------ RECORDS SUPPLIED ------

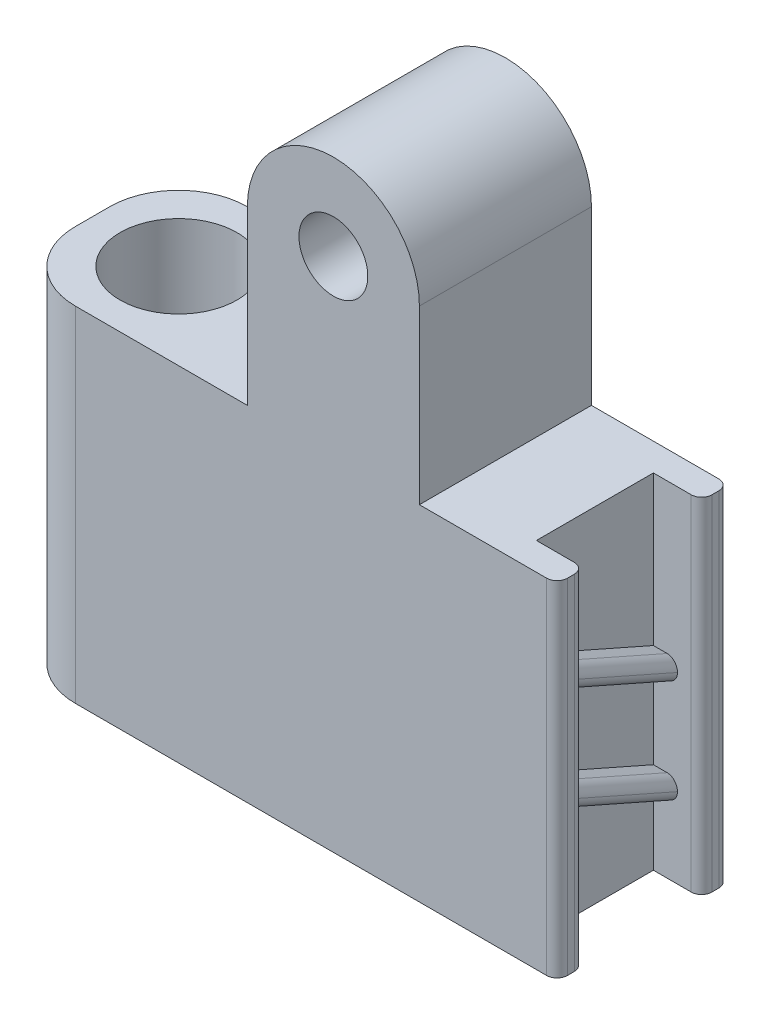
ISO-10303-21;
HEADER;
FILE_DESCRIPTION(('STEP AP214'),'2;1');
FILE_NAME('part.step','',(''),(''),'','','');
FILE_SCHEMA(('AUTOMOTIVE_DESIGN { 1 0 10303 214 1 1 1 1 }'));
ENDSEC;
DATA;
#1=APPLICATION_CONTEXT('core data for automotive mechanical design processes');
#2=APPLICATION_PROTOCOL_DEFINITION('international standard','automotive_design',2000,#1);
#3=PRODUCT_CONTEXT('',#1,'mechanical');
#4=PRODUCT('Part','Part','',(#3));
#5=PRODUCT_RELATED_PRODUCT_CATEGORY('part','',(#4));
#6=PRODUCT_DEFINITION_FORMATION('','',#4);
#7=PRODUCT_DEFINITION_CONTEXT('part definition',#1,'design');
#8=PRODUCT_DEFINITION('design','',#6,#7);
#9=PRODUCT_DEFINITION_SHAPE('','',#8);
#10=(LENGTH_UNIT() NAMED_UNIT(*) SI_UNIT(.MILLI.,.METRE.));
#11=(NAMED_UNIT(*) PLANE_ANGLE_UNIT() SI_UNIT($,.RADIAN.));
#12=(NAMED_UNIT(*) SI_UNIT($,.STERADIAN.) SOLID_ANGLE_UNIT());
#13=UNCERTAINTY_MEASURE_WITH_UNIT(LENGTH_MEASURE(1.E-05),#10,'distance_accuracy_value','');
#14=(GEOMETRIC_REPRESENTATION_CONTEXT(3) GLOBAL_UNCERTAINTY_ASSIGNED_CONTEXT((#13)) GLOBAL_UNIT_ASSIGNED_CONTEXT((#10,
#11,#12)) REPRESENTATION_CONTEXT('',''));
#15=CARTESIAN_POINT('',(0.,0.,0.));
#16=DIRECTION('',(0.,0.,1.));
#17=DIRECTION('',(1.,0.,0.));
#18=AXIS2_PLACEMENT_3D('',#15,#16,#17);
#19=CARTESIAN_POINT('',(0.,10.,0.));
#20=DIRECTION('',(0.,1.,0.));
#21=DIRECTION('',(0.,0.,1.));
#22=AXIS2_PLACEMENT_3D('',#19,#20,#21);
#23=PLANE('',#22);
#24=CARTESIAN_POINT('',(0.,10.,2.5));
#25=DIRECTION('',(0.,1.,0.));
#26=DIRECTION('',(0.,0.,1.));
#27=AXIS2_PLACEMENT_3D('',#24,#25,#26);
#28=CIRCLE('',#27,1.7);
#29=CARTESIAN_POINT('',(0.,10.,4.2));
#30=VERTEX_POINT('',#29);
#31=EDGE_CURVE('E387',#30,#30,#28,.T.);
#32=ORIENTED_EDGE('',*,*,#31,.F.);
#33=EDGE_LOOP('',(#32));
#34=FACE_BOUND('',#33,.T.);
#35=DIRECTION('',(0.,0.,1.));
#36=VECTOR('',#35,1.);
#37=CARTESIAN_POINT('',(-2.5,10.,0.));
#38=LINE('',#37,#36);
#39=CARTESIAN_POINT('',(-2.5,10.,2.));
#40=VERTEX_POINT('',#39);
#41=CARTESIAN_POINT('',(-2.5,10.,3.));
#42=VERTEX_POINT('',#41);
#43=EDGE_CURVE('E334',#40,#42,#38,.T.);
#44=ORIENTED_EDGE('',*,*,#43,.T.);
#45=CARTESIAN_POINT('',(-0.5,10.,3.));
#46=DIRECTION('',(0.,1.,0.));
#47=DIRECTION('',(0.,0.,1.));
#48=AXIS2_PLACEMENT_3D('',#45,#46,#47);
#49=CIRCLE('',#48,2.);
#50=CARTESIAN_POINT('',(-0.5,10.,5.));
#51=VERTEX_POINT('',#50);
#52=EDGE_CURVE('E362',#42,#51,#49,.T.);
#53=ORIENTED_EDGE('',*,*,#52,.T.);
#54=DIRECTION('',(1.,0.,0.));
#55=VECTOR('',#54,1.);
#56=CARTESIAN_POINT('',(-2.5,10.,5.));
#57=LINE('',#56,#55);
#58=CARTESIAN_POINT('',(4.5,10.,5.));
#59=VERTEX_POINT('',#58);
#60=EDGE_CURVE('E333',#51,#59,#57,.T.);
#61=ORIENTED_EDGE('',*,*,#60,.T.);
#62=DIRECTION('',(0.,0.,-1.));
#63=VECTOR('',#62,1.);
#64=CARTESIAN_POINT('',(4.5,10.,14.01387818866));
#65=LINE('',#64,#63);
#66=CARTESIAN_POINT('',(4.5,10.,0.));
#67=VERTEX_POINT('',#66);
#68=EDGE_CURVE('E378',#59,#67,#65,.T.);
#69=ORIENTED_EDGE('',*,*,#68,.T.);
#70=DIRECTION('',(-1.,0.,0.));
#71=VECTOR('',#70,1.);
#72=CARTESIAN_POINT('',(0.,10.,0.));
#73=LINE('',#72,#71);
#74=CARTESIAN_POINT('',(-0.5,10.,0.));
#75=VERTEX_POINT('',#74);
#76=EDGE_CURVE('E256',#67,#75,#73,.T.);
#77=ORIENTED_EDGE('',*,*,#76,.T.);
#78=CARTESIAN_POINT('',(-0.5,10.,2.));
#79=DIRECTION('',(0.,1.,0.));
#80=DIRECTION('',(0.,0.,1.));
#81=AXIS2_PLACEMENT_3D('',#78,#79,#80);
#82=CIRCLE('',#81,2.);
#83=EDGE_CURVE('E360',#75,#40,#82,.T.);
#84=ORIENTED_EDGE('',*,*,#83,.T.);
#85=EDGE_LOOP('',(#44,#53,#61,#69,#77,#84));
#86=FACE_BOUND('',#85,.T.);
#87=ADVANCED_FACE('F33',(#34,#86),#23,.T.);
#88=CARTESIAN_POINT('',(11.5,10.,4.2));
#89=DIRECTION('',(0.,0.,1.));
#90=DIRECTION('',(1.,0.,0.));
#91=AXIS2_PLACEMENT_3D('',#88,#89,#90);
#92=PLANE('',#91);
#93=DIRECTION('',(-1.,0.,0.));
#94=VECTOR('',#93,1.);
#95=CARTESIAN_POINT('',(11.5,0.,4.2));
#96=LINE('',#95,#94);
#97=CARTESIAN_POINT('',(13.2,0.,4.2));
#98=VERTEX_POINT('',#97);
#99=CARTESIAN_POINT('',(12.1,0.,4.2));
#100=VERTEX_POINT('',#99);
#101=EDGE_CURVE('E232',#98,#100,#96,.T.);
#102=ORIENTED_EDGE('',*,*,#101,.T.);
#103=DIRECTION('',(0.,-1.,0.));
#104=VECTOR('',#103,1.);
#105=CARTESIAN_POINT('',(12.1,10.,4.2));
#106=LINE('',#105,#104);
#107=CARTESIAN_POINT('',(12.1,3.5,4.2));
#108=VERTEX_POINT('',#107);
#109=EDGE_CURVE('E216',#108,#100,#106,.T.);
#110=ORIENTED_EDGE('',*,*,#109,.F.);
#111=DIRECTION('',(-1.,0.,0.));
#112=VECTOR('',#111,1.);
#113=CARTESIAN_POINT('',(12.8,3.5,4.2));
#114=LINE('',#113,#112);
#115=CARTESIAN_POINT('',(12.5,3.5,4.2));
#116=VERTEX_POINT('',#115);
#117=EDGE_CURVE('E474',#116,#108,#114,.T.);
#118=ORIENTED_EDGE('',*,*,#117,.F.);
#119=CARTESIAN_POINT('',(12.5,3.82789830898933,4.2));
#120=DIRECTION('',(0.,0.,1.));
#121=DIRECTION('',(0.,-1.,0.));
#122=AXIS2_PLACEMENT_3D('',#119,#120,#121);
#123=ELLIPSE('',#122,0.32789830898933,0.3);
#124=CARTESIAN_POINT('',(12.8,3.82789830898933,4.2));
#125=VERTEX_POINT('',#124);
#126=EDGE_CURVE('E282',#116,#125,#123,.T.);
#127=ORIENTED_EDGE('',*,*,#126,.T.);
#128=CARTESIAN_POINT('',(12.5,3.82789830898933,4.2));
#129=DIRECTION('',(0.,0.,1.));
#130=DIRECTION('',(0.,1.,0.));
#131=AXIS2_PLACEMENT_3D('',#128,#129,#130);
#132=ELLIPSE('',#131,0.32789830898933,0.3);
#133=CARTESIAN_POINT('',(12.5,4.15579661797866,4.2));
#134=VERTEX_POINT('',#133);
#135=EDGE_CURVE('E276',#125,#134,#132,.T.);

------

- _EXERCISE OBJECTIVE_
Give again, word for word, every line of the listing above from the one with "#56=CARTESIAN_POINT('',(-2.5,10.,5.));" to the one with "#109=EDGE_CURVE('E216',#108,#100,#106,.T.);", both inclusive, and nothing beyond them.

- _RESULT OF THIS TASK_
#56=CARTESIAN_POINT('',(-2.5,10.,5.));
#57=LINE('',#56,#55);
#58=CARTESIAN_POINT('',(4.5,10.,5.));
#59=VERTEX_POINT('',#58);
#60=EDGE_CURVE('E333',#51,#59,#57,.T.);
#61=ORIENTED_EDGE('',*,*,#60,.T.);
#62=DIRECTION('',(0.,0.,-1.));
#63=VECTOR('',#62,1.);
#64=CARTESIAN_POINT('',(4.5,10.,14.01387818866));
#65=LINE('',#64,#63);
#66=CARTESIAN_POINT('',(4.5,10.,0.));
#67=VERTEX_POINT('',#66);
#68=EDGE_CURVE('E378',#59,#67,#65,.T.);
#69=ORIENTED_EDGE('',*,*,#68,.T.);
#70=DIRECTION('',(-1.,0.,0.));
#71=VECTOR('',#70,1.);
#72=CARTESIAN_POINT('',(0.,10.,0.));
#73=LINE('',#72,#71);
#74=CARTESIAN_POINT('',(-0.5,10.,0.));
#75=VERTEX_POINT('',#74);
#76=EDGE_CURVE('E256',#67,#75,#73,.T.);
#77=ORIENTED_EDGE('',*,*,#76,.T.);
#78=CARTESIAN_POINT('',(-0.5,10.,2.));
#79=DIRECTION('',(0.,1.,0.));
#80=DIRECTION('',(0.,0.,1.));
#81=AXIS2_PLACEMENT_3D('',#78,#79,#80);
#82=CIRCLE('',#81,2.);
#83=EDGE_CURVE('E360',#75,#40,#82,.T.);
#84=ORIENTED_EDGE('',*,*,#83,.T.);
#85=EDGE_LOOP('',(#44,#53,#61,#69,#77,#84));
#86=FACE_BOUND('',#85,.T.);
#87=ADVANCED_FACE('F33',(#34,#86),#23,.T.);
#88=CARTESIAN_POINT('',(11.5,10.,4.2));
#89=DIRECTION('',(0.,0.,1.));
#90=DIRECTION('',(1.,0.,0.));
#91=AXIS2_PLACEMENT_3D('',#88,#89,#90);
#92=PLANE('',#91);
#93=DIRECTION('',(-1.,0.,0.));
#94=VECTOR('',#93,1.);
#95=CARTESIAN_POINT('',(11.5,0.,4.2));
#96=LINE('',#95,#94);
#97=CARTESIAN_POINT('',(13.2,0.,4.2));
#98=VERTEX_POINT('',#97);
#99=CARTESIAN_POINT('',(12.1,0.,4.2));
#100=VERTEX_POINT('',#99);
#101=EDGE_CURVE('E232',#98,#100,#96,.T.);
#102=ORIENTED_EDGE('',*,*,#101,.T.);
#103=DIRECTION('',(0.,-1.,0.));
#104=VECTOR('',#103,1.);
#105=CARTESIAN_POINT('',(12.1,10.,4.2));
#106=LINE('',#105,#104);
#107=CARTESIAN_POINT('',(12.1,3.5,4.2));
#108=VERTEX_POINT('',#107);
#109=EDGE_CURVE('E216',#108,#100,#106,.T.);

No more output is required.